El respeto y sus visbirules.
Esta vez no compartiré una exposición de ocurrencias o cosas que nos hacen reír; quiero dedicar estás líneas a una reflexión que tiene que ver con el respeto y los exabruptos en situaciones estresantes. Cuando hablamos de respeto, solemos creer que todos entendemos lo mismo. Pero la realidad es que no siempre compartimos el mismo mapa. Para algunos, respetar es hablar con calma; para otros, es cumplir puntualmente lo que se acuerda. Están quienes lo entienden como cortesía en el trato, y quienes lo viven como cuidado del tiempo y la energía compartida.

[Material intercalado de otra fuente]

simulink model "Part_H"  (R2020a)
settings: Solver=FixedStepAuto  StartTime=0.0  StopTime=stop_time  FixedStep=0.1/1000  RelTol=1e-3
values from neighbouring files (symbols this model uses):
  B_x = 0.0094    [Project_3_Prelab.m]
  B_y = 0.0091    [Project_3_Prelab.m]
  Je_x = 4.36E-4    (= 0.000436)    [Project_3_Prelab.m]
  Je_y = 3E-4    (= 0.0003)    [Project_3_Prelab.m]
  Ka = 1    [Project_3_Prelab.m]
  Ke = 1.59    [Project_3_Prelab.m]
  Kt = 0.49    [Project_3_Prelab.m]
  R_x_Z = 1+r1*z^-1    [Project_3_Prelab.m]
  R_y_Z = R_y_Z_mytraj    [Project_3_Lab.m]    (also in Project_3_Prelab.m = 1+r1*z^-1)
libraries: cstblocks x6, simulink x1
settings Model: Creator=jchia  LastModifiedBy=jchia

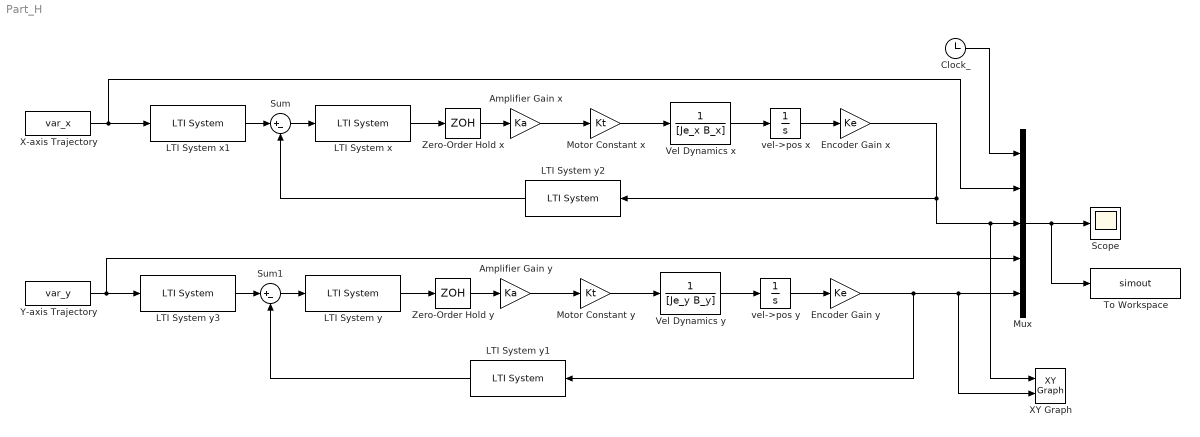
== system Part_H ==
  Amplifier Gain x : Gain  Gain=Ka
  Amplifier Gain y : Gain  Gain=Ka
  Clock_ : Clock
  Encoder Gain x : Gain  Gain=Ke
  Encoder Gain y : Gain  Gain=Ke
  LTI System x : cstblocks/LTI System  sys=1/R_x_Z  IC=[]
  LTI System x1 : cstblocks/LTI System  sys=t0_x_Z  IC=[]
  LTI System y : cstblocks/LTI System  sys=1/R_y_Z  IC=[]
  LTI System y1 : cstblocks/LTI System  sys=s_y_Z  IC=[]
  LTI System y2 : cstblocks/LTI System  sys=s_x_Z  IC=[]
  LTI System y3 : cstblocks/LTI System  sys=t0_y_Z  IC=[]
  Motor Constant x : Gain  Gain=Kt
  Motor Constant y : Gain  Gain=Kt
  Mux : Mux  Inputs=5
  Scope : Scope
  Sum : Sum  Inputs=|+-
  Sum1 : Sum  Inputs=|+-
  To Workspace : ToWorkspace  VariableName=simout  SaveFormat=Structure With Time  SampleTime=-1
  Vel Dynamics x : TransferFcn  Denominator=[Je_x B_x]
  Vel Dynamics y : TransferFcn  Denominator=[Je_y B_y]
  X-axis Trajectory : FromWorkspace  VariableName=var_x
  "XY Graph " : simulink/Sinks/XY Graph  xmin=0  xmax=125  ymin=-5  ymax=85  st=-1
  Y-axis Trajectory : FromWorkspace  VariableName=var_y
  Zero-Order Hold x : ZeroOrderHold  SampleTime=-1
  Zero-Order Hold y : ZeroOrderHold  SampleTime=-1
  vel->pos x : Integrator
  vel->pos y : Integrator
  wires:
  Vel Dynamics y/1 -> vel->pos y/1
  Mux/1 -> To Workspace/1, Scope/1
  Zero-Order Hold y/1 -> Amplifier Gain y/1
  Y-axis Trajectory/1 -> LTI System y3/1, Mux/4
  vel->pos y/1 -> Encoder Gain y/1
  Amplifier Gain y/1 -> Motor Constant y/1
  Encoder Gain x/1 -> LTI System y2/1, "XY Graph "/1, Mux/3
  Motor Constant y/1 -> Vel Dynamics y/1
  Zero-Order Hold x/1 -> Amplifier Gain x/1
  vel->pos x/1 -> Encoder Gain x/1
  Sum/1 -> LTI System x/1
  LTI System y/1 -> Zero-Order Hold y/1
  Amplifier Gain x/1 -> Motor Constant x/1
  Encoder Gain y/1 -> LTI System y1/1, "XY Graph "/2, Mux/5
  Clock_/1 -> Mux/1
  Vel Dynamics x/1 -> vel->pos x/1
  Motor Constant x/1 -> Vel Dynamics x/1
  X-axis Trajectory/1 -> LTI System x1/1, Mux/2
  LTI System x/1 -> Zero-Order Hold x/1
  Sum1/1 -> LTI System y/1
  LTI System y1/1 -> Sum1/2
  LTI System y2/1 -> Sum/2
  LTI System x1/1 -> Sum/1
  LTI System y3/1 -> Sum1/1

En medio de esas miradas distintas surge la pregunta: ¿conviene siempre hablar de lo que sentimos y esperamos del otro?. La respuesta parece sencilla, pero no lo es. No siempre los demás están dispuestos a escuchar; no siempre nosotros estamos listos para decirlo sin enojo. Y ahí entra algo que todos compartimos: nuestros patrones de conducta.
Cada persona responde desde lo que le resulta más cómodo, desde lo que aprendió a lo largo de su vida o desde el interés inmediato que la mueve o los issues que esté trabajando en ese momento, lo que es cierto es que queremos sentirnos respetados según nuestras propias reglas y nuestro propio concepto.
El problema es que, muchas veces, esas “propias reglas” no son otra cosa que egoísmo disfrazado de respeto. Pedimos paciencia, flexibilidad o cuidado, pero rara vez invertimos el mismo tiempo en observar y reconocer cómo nuestras acciones afectan a los demás. Así nace la agresión pasiva: no es levantar la voz ni insultar, sino evadir responsabilidades, llegar tarde, cancelar sin aviso, delegar de más, exigir comprensión sin darla a cambio. Ese estilo suele presentarse bajo el ropaje de la víctima: “yo no funciono así, adáptate tú”.
Por eso, cuando hablamos de respeto, en el fondo hablamos también de límites. De decir: “esto necesito yo para no sentirme lastimado” y de preguntar: “¿qué necesitas tú?”. Si no lo hacemos, cada uno mide con su propia vara y es inevitable que tarde o temprano aparezca la sensación de abuso, indiferencia o agresión.
El respeto, entonces, no es solo un ideal abstracto. Es un ejercicio constante de negociación: reconocer que todos actuamos en parte desde nuestros intereses, que todos cargamos patrones aprendidos y que ninguno está libre de pedir más de lo que ofrece. Lo importante quizá no es aspirar a una definición única, sino atrevernos a mirarnos en ese espejo incómodo donde descubrimos que, así como exigimos respeto, también podemos estar faltándolo.
Porque al final, el respeto —con todas sus formas— no se trata solo de palabras bonitas, sino de la manera en que cuidamos lo que somos y lo que compartimos con los demás.